To annotate the types in the flytekit.task
decorator one would need to express this mapping for a generic
FuncIn = ParamSpec("FuncIn")
FuncOut = TypeVar("FuncOut")
ToDecorateFunction = Callable[FuncIn, FuncOut]
where each type T
in FuncIn.kwarg
is mapped to Promise[T] | T
.
This is not yet supported in python's type system: https://github.com/python/typing/discussions/1163
Workaround
Our company already internally replaced flytekit.task
with our own custom decorator.

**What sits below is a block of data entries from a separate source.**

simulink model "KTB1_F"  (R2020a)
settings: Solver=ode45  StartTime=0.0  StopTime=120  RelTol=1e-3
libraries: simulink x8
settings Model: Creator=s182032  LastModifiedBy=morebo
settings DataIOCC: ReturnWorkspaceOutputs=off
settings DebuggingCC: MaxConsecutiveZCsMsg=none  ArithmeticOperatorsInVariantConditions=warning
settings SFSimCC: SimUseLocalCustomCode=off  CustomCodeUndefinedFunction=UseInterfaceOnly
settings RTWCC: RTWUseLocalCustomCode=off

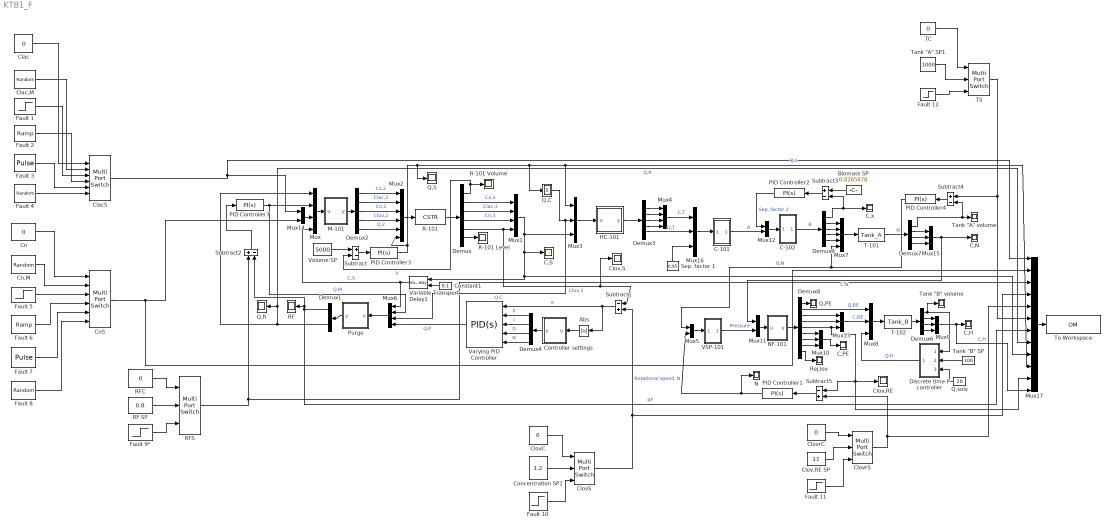
== system KTB1_F ==
  Abs : Abs
  Biomass SP : Constant  Value=0.0265878
  C,H : Scope
  C,N : Scope
  C,PE : Scope
  C,S : Scope
  C,x : Scope
  C-101 : MATLAB Function  TreatAsAtomicUnit=on
  C-102 : MATLAB Function  TreatAsAtomicUnit=on
  Clac : Constant  Value=0
  Clac,M : RandomNumber  Mean=20  Variance=0.001  SampleTime=0.1
  "ClacS " : MultiPortSwitch  DataPortOrder=Zero-based contiguous  Inputs=5  zeroidx=on
  Clov,RE : Scope
  Clov,RE SP : Constant  Value=11
  Clov,S : Scope
  ClovC : Constant  Value=0
  ClovS : MultiPortSwitch  DataPortOrder=Zero-based contiguous  Inputs=2  zeroidx=on
  ClovrC : Constant  Value=0
  "ClovrS " : MultiPortSwitch  DataPortOrder=Zero-based contiguous  Inputs=2  zeroidx=on
  Cn : Constant  Value=0
  Cn,M : RandomNumber  Mean=4  Variance=0.001  SampleTime=0.1
  CnS : MultiPortSwitch  DataPortOrder=Zero-based contiguous  Inputs=5  zeroidx=on
  Concentration SP1 : Constant  Value=1.2
  Constant1 : Constant  Value=0.1
  Controller settings : MATLAB Function  TreatAsAtomicUnit=on
  Demux : Demux  Outputs=6
  Demux1 : Demux  Outputs=2
  Demux2 : Demux  Outputs=5
  Demux3 : Demux  Outputs=5
  Demux4 : Demux
  Demux6 : Demux
  Demux7 : Demux
  Demux8 : Demux  Outputs=9
  Demux9 : Demux  Outputs=5
  Discrete time P controller : Subsystem
  Fault 1 : Step  Time=10  Before=20  After=16  SampleTime=0
  Fault 10 : Step  Time=10.3  Before=1.2  After=1.18  SampleTime=0
  Fault 11 : Step  Before=10.4  After=9  SampleTime=0
  Fault 12 : Step  Time=10.4  Before=1000  After=1050  SampleTime=0
  Fault 2 : simulink/Sources/Ramp  slope=-0.2  start=10  InitialOutput=20
  Fault 3 : DiscretePulseGenerator  Amplitude=20  Period=30  PulseWidth=10  SampleTime=2
  Fault 4 : RandomNumber  Mean=20  Variance=4  SampleTime=0.1
  Fault 5 : Step  Time=10.1  Before=4  After=4.8  SampleTime=0
  Fault 6 : simulink/Sources/Ramp  slope=0.05  start=10  InitialOutput=4
  Fault 7 : DiscretePulseGenerator  Amplitude=4  Period=30  PulseWidth=10  SampleTime=2
  Fault 8 : RandomNumber  Mean=4  Variance=3  SampleTime=0.1
  Fault 9* : Step  Time=10.2  Before=0.8  After=0.84  SampleTime=0
  HC-101 : MATLAB Function  TreatAsAtomicUnit=on
  M-101 : MATLAB Function  TreatAsAtomicUnit=on
  Mux{,1,4,6} (4 alike) : Mux
  Mux{3,8..10,13,15..16} (7 alike) : Mux  Inputs=3
  Mux{5,11..12,14} (4 alike) : Mux  Inputs=2
  Mux17 : Mux  Inputs=12
  Mux2 : Mux  Inputs=6
  Mux7 : Mux  Inputs=5
  N : Scope
  NF-101 : MATLAB Function  TreatAsAtomicUnit=on
  PID Controller1 : simulink/Continuous/PID Controller  Controller=PI  Form=Parallel  TimeDomain=Continuous-time  UseExternalTs=off  SampleTime=-1  IntegratorMethod=Forward Euler  FilterMethod=Forward Euler  ControllerParametersSource=internal  P=0.234567821807165  I=0.999999996666666*0.234567821807165  D=0  UseFilter=on  N=100  TunerSelectOption=Transfer Function Based (PID Tuner App)  InitialConditionSource=internal  InitialConditionForIntegrator=3000  InitialConditionForFilter=0  DifferentiatorICPrevScaledInput=0  ExternalReset=none  TrackingMode=off  Kt=1  LimitOutput=on  UpperSaturationLimit=inf  LowerSaturationLimit=0  LinearizeAsGain=on  AntiWindupMode=clamping  Kb=1  POutMin=[]  POutMax=[]  IOutMin=[]  IOutMax=[]  DOutMin=[]  DOutMax=[]  NOutMin=[]  NOutMax=[]  SumOutMin=[]  SumOutMax=[]  SaturationOutMin=[]  SaturationOutMax=[]  PParamMin=[]  PParamMax=[]  IParamMin=[]  IParamMax=[]  DParamMin=[]  DParamMax=[]  NParamMin=[]  NParamMax=[]  KbParamMin=[]  KbParamMax=[]  KtParamMin=[]  KtParamMax=[]  KbOutMin=[]  KbOutMax=[]  KtOutMin=[]  KtOutMax=[]  IntegratorOutMin=[]  IntegratorOutMax=[]  FilterOutMin=[]  FilterOutMax=[]  SumI1OutMin=[]  SumI1OutMax=[]  SumI2OutMin=[]  SumI2OutMax=[]  SumI3OutMin=[]  SumI3OutMax=[]  SumI4OutMin=[]  SumI4OutMax=[]  SumDOutMin=[]  SumDOutMax=[]  DifferentiatorOutMin=[]  DifferentiatorOutMax=[]  FilterDiffOutCoefMin=[]  FilterDiffOutCoefMax=[]  ReciprocalOutMin=[]  ReciprocalOutMax=[]  SumDenOutMin=[]  SumDenOutMax=[]  SumNumOutMin=[]  SumNumOutMax=[]  DivideOutMin=[]  DivideOutMax=[]  UdiffTsProdOutMin=[]  UdiffTsProdOutMax=[]  NTsProdOutMin=[]  NTsProdOutMax=[]  UintegralTsProdOutMin=[]  UintegralTsProdOutMax=[]  UngainTsProdOutMin=[]  UngainTsProdOutMax=[]  IntegratorContinuousStateAttributes=''  IntegratorStateMustResolveToSignalObject=off  IntegratorRTWStateStorageClass=Auto  FilterContinuousStateAttributes=''  FilterStateMustResolveToSignalObject=off  FilterRTWStateStorageClass=Auto  ParallelPVariant=InternalParameters  IdealPVariant=Disabled  IVariant=InternalParameters  DVariant=Disabled  IntegratorVariant=Continuous  SatVariant=Enabled  AWVariant=ContClampingParallel  PCopyVariant=Disabled  TRVariant=Disabled  FdbkBlocksVariant=Forward  IdealPFdbkVariant=Disabled  SatFdbkVariant=Disabled  DerivativeFilterVariant=Disabled  NVariant=Disabled  NCopyVariant=Disabled_SignalSpec  FilterICVariant=Disabled  IntegratorICVariant=InternalICs  ExternalResetVariant=Disabled  TRSumVariant=Passthrough  SumFdbkVariant=Disabled  SumVariant=Sum_PI  TsampFilterVariant=InternalTs  TsampNgainVariant=Passthrough  TsampIntegralVariant=Passthrough
  PID Controller2 : simulink/Continuous/PID Controller  Controller=PI  Form=Parallel  TimeDomain=Continuous-time  UseExternalTs=off  SampleTime=-1  IntegratorMethod=Forward Euler  FilterMethod=Forward Euler  ControllerParametersSource=internal  P=-0.000476190628986061  I=9.99999996666667*(-0.000476190628986061)  D=0  UseFilter=on  N=100  TunerSelectOption=Transfer Function Based (PID Tuner App)  InitialConditionSource=internal  InitialConditionForIntegrator=0.95  InitialConditionForFilter=0  DifferentiatorICPrevScaledInput=0  ExternalReset=none  TrackingMode=off  Kt=1  LimitOutput=on  UpperSaturationLimit=0.98  LowerSaturationLimit=0  LinearizeAsGain=on  AntiWindupMode=clamping  Kb=1  POutMin=[]  POutMax=[]  IOutMin=[]  IOutMax=[]  DOutMin=[]  DOutMax=[]  NOutMin=[]  NOutMax=[]  SumOutMin=[]  SumOutMax=[]  SaturationOutMin=[]  SaturationOutMax=[]  PParamMin=[]  PParamMax=[]  IParamMin=[]  IParamMax=[]  DParamMin=[]  DParamMax=[]  NParamMin=[]  NParamMax=[]  KbParamMin=[]  KbParamMax=[]  KtParamMin=[]  KtParamMax=[]  KbOutMin=[]  KbOutMax=[]  KtOutMin=[]  KtOutMax=[]  IntegratorOutMin=[]  IntegratorOutMax=[]  FilterOutMin=[]  FilterOutMax=[]  SumI1OutMin=[]  SumI1OutMax=[]  SumI2OutMin=[]  SumI2OutMax=[]  SumI3OutMin=[]  SumI3OutMax=[]  SumI4OutMin=[]  SumI4OutMax=[]  SumDOutMin=[]  SumDOutMax=[]  DifferentiatorOutMin=[]  DifferentiatorOutMax=[]  FilterDiffOutCoefMin=[]  FilterDiffOutCoefMax=[]  ReciprocalOutMin=[]  ReciprocalOutMax=[]  SumDenOutMin=[]  SumDenOutMax=[]  SumNumOutMin=[]  SumNumOutMax=[]  DivideOutMin=[]  DivideOutMax=[]  UdiffTsProdOutMin=[]  UdiffTsProdOutMax=[]  NTsProdOutMin=[]  NTsProdOutMax=[]  UintegralTsProdOutMin=[]  UintegralTsProdOutMax=[]  UngainTsProdOutMin=[]  UngainTsProdOutMax=[]  IntegratorContinuousStateAttributes=''  IntegratorStateMustResolveToSignalObject=off  IntegratorRTWStateStorageClass=Auto  FilterContinuousStateAttributes=''  FilterStateMustResolveToSignalObject=off  FilterRTWStateStorageClass=Auto  ParallelPVariant=InternalParameters  IdealPVariant=Disabled  IVariant=InternalParameters  DVariant=Disabled  IntegratorVariant=Continuous  SatVariant=Enabled  AWVariant=ContClampingParallel  PCopyVariant=Disabled  TRVariant=Disabled  FdbkBlocksVariant=Forward  IdealPFdbkVariant=Disabled  SatFdbkVariant=Disabled  DerivativeFilterVariant=Disabled  NVariant=Disabled  NCopyVariant=Disabled_SignalSpec  FilterICVariant=Disabled  IntegratorICVariant=InternalICs  ExternalResetVariant=Disabled  TRSumVariant=Passthrough  SumFdbkVariant=Disabled  SumVariant=Sum_PI  TsampFilterVariant=InternalTs  TsampNgainVariant=Passthrough  TsampIntegralVariant=Passthrough
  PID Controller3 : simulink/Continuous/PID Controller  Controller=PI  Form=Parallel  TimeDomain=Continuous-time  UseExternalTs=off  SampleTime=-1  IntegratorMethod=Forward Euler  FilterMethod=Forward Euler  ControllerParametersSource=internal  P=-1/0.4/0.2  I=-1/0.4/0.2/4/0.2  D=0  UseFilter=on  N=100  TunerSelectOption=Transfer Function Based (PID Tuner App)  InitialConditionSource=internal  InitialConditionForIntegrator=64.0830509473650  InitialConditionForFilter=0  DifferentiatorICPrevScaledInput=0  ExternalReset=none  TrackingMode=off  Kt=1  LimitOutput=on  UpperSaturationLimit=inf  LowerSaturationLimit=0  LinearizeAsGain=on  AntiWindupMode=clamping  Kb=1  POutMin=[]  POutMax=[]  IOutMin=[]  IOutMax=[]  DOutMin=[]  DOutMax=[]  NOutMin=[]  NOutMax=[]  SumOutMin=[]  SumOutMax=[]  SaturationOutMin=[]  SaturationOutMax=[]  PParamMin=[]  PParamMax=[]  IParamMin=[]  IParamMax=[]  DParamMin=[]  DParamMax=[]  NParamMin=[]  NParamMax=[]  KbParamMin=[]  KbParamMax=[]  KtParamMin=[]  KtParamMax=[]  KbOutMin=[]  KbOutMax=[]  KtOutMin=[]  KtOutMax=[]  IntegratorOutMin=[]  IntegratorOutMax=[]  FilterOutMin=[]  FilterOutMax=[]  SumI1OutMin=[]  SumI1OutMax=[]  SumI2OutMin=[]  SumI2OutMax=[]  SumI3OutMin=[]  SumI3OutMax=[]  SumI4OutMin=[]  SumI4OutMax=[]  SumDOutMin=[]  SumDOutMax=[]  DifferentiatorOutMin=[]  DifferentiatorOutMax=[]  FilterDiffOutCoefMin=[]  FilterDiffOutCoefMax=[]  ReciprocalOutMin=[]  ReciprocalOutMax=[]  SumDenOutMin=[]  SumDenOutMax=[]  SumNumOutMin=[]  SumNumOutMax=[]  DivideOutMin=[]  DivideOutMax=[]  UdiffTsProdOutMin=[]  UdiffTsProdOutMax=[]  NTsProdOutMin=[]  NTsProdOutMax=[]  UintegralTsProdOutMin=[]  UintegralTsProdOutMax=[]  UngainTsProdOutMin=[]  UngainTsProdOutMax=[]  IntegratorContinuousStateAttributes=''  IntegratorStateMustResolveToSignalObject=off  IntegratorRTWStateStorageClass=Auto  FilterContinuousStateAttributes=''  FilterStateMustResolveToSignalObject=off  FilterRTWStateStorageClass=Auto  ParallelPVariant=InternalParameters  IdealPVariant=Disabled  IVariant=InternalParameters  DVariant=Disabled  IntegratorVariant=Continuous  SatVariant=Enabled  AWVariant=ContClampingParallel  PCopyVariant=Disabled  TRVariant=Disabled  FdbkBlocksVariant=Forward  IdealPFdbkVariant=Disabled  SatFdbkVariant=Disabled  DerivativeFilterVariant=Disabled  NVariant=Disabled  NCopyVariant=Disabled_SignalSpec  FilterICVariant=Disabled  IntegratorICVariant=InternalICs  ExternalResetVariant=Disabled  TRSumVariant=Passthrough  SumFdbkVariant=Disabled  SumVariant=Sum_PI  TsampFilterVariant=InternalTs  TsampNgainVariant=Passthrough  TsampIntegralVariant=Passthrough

This also allowed us to overwrite the flytekit
types to look only at the runtime types:
from typing import Callable, Optional, ParamSpec, TypeVar, Union, overload
from flytekit.core.task import task as flytekit_task
FuncOut = TypeVar("FuncOut")
FuncIn = ParamSpec("FuncIn")
@overload
def our_task(
_task_function: None = ...,
**kwargs,
) -> Callable[[Callable[FuncIn, FuncOut]], Callable[FuncIn, FuncOut]]: ...
@overload
def our_task(
_task_function: Callable[FuncIn, FuncOut],
**kwargs,
) -> Callable[FuncIn, FuncOut]: ...
def our_task(
_task_function: Optional[Callable[FuncIn, FuncOut]] = None,
**kwargs,
) -> Union[Callable[FuncIn, FuncOut], Callable[[Callable[FuncIn, FuncOut]], Callable[FuncIn, FuncOut]]]:
# Do some other stuff here
# ...
# Then actually call the flytekit task
def wrapped(_func: Callable[FuncIn, FuncOut]) -> Callable[FuncIn, FuncOut]:
# As we want to type check the runtime
return flytekit_task(_task_function=target_fn(_func), **kwargs) # type: ignore
if _task_function:
return wrapped(_task_function)
else:
return wrapped
This can be done in a similar way for other flytekit
decorators like workflow
or dynamic
.
It allows us to type check workflows for their runtime view but also causes issues one needs to be aware of:
from flytekit import workflow, Resources
@our_task
def add_one(a: int) -> int:
return a + 1
@workflow
def my_workflow() -> int:
start: int = 0
# res will be an int in pyright as we use `our_task`
res = add_one(a=start)
# IMPORTANT!
# The pyright types will be wrong but allow type checking, i.e.
# this type assertion will fail:
# assert isinstance(res, int)
# as res is actually still a Promise:
print(type(res)) # <class 'flytekit.core.promise.Promise'>
# When using anything related to `flytekit` Promises, as e.g. `with_overrides`, we need a small workaround:
res2 = add_one(a=res) # res2 will still be an int in pyright
# With overrides is called separately and needs type: ignore as pyright sees res2 as an int and not a Promise
res2.with_overrides(requests=Resources(cpu="0.1", mem="500Mi")) # type: ignore
return res2
I wasn't aware that we can use TYPE_CHECKING
inside class definitions, e.g. https://github.com/zen-xu/sunray/blob/c164537614d050a4acd67318913b6092ada799c8/sunray/_internal/dag.py#L49.
We could use this trick to provide a different type signature during at type-checking time.
Indeed, we could offer the runtime types with this trick.
I think this would still not solve the issue as flytekit
types could still not be expressed at the same time. Graph node functions in the workflow like .with_overrides
would then be missing at type-checking time as described above.
Might be still a better developer experience?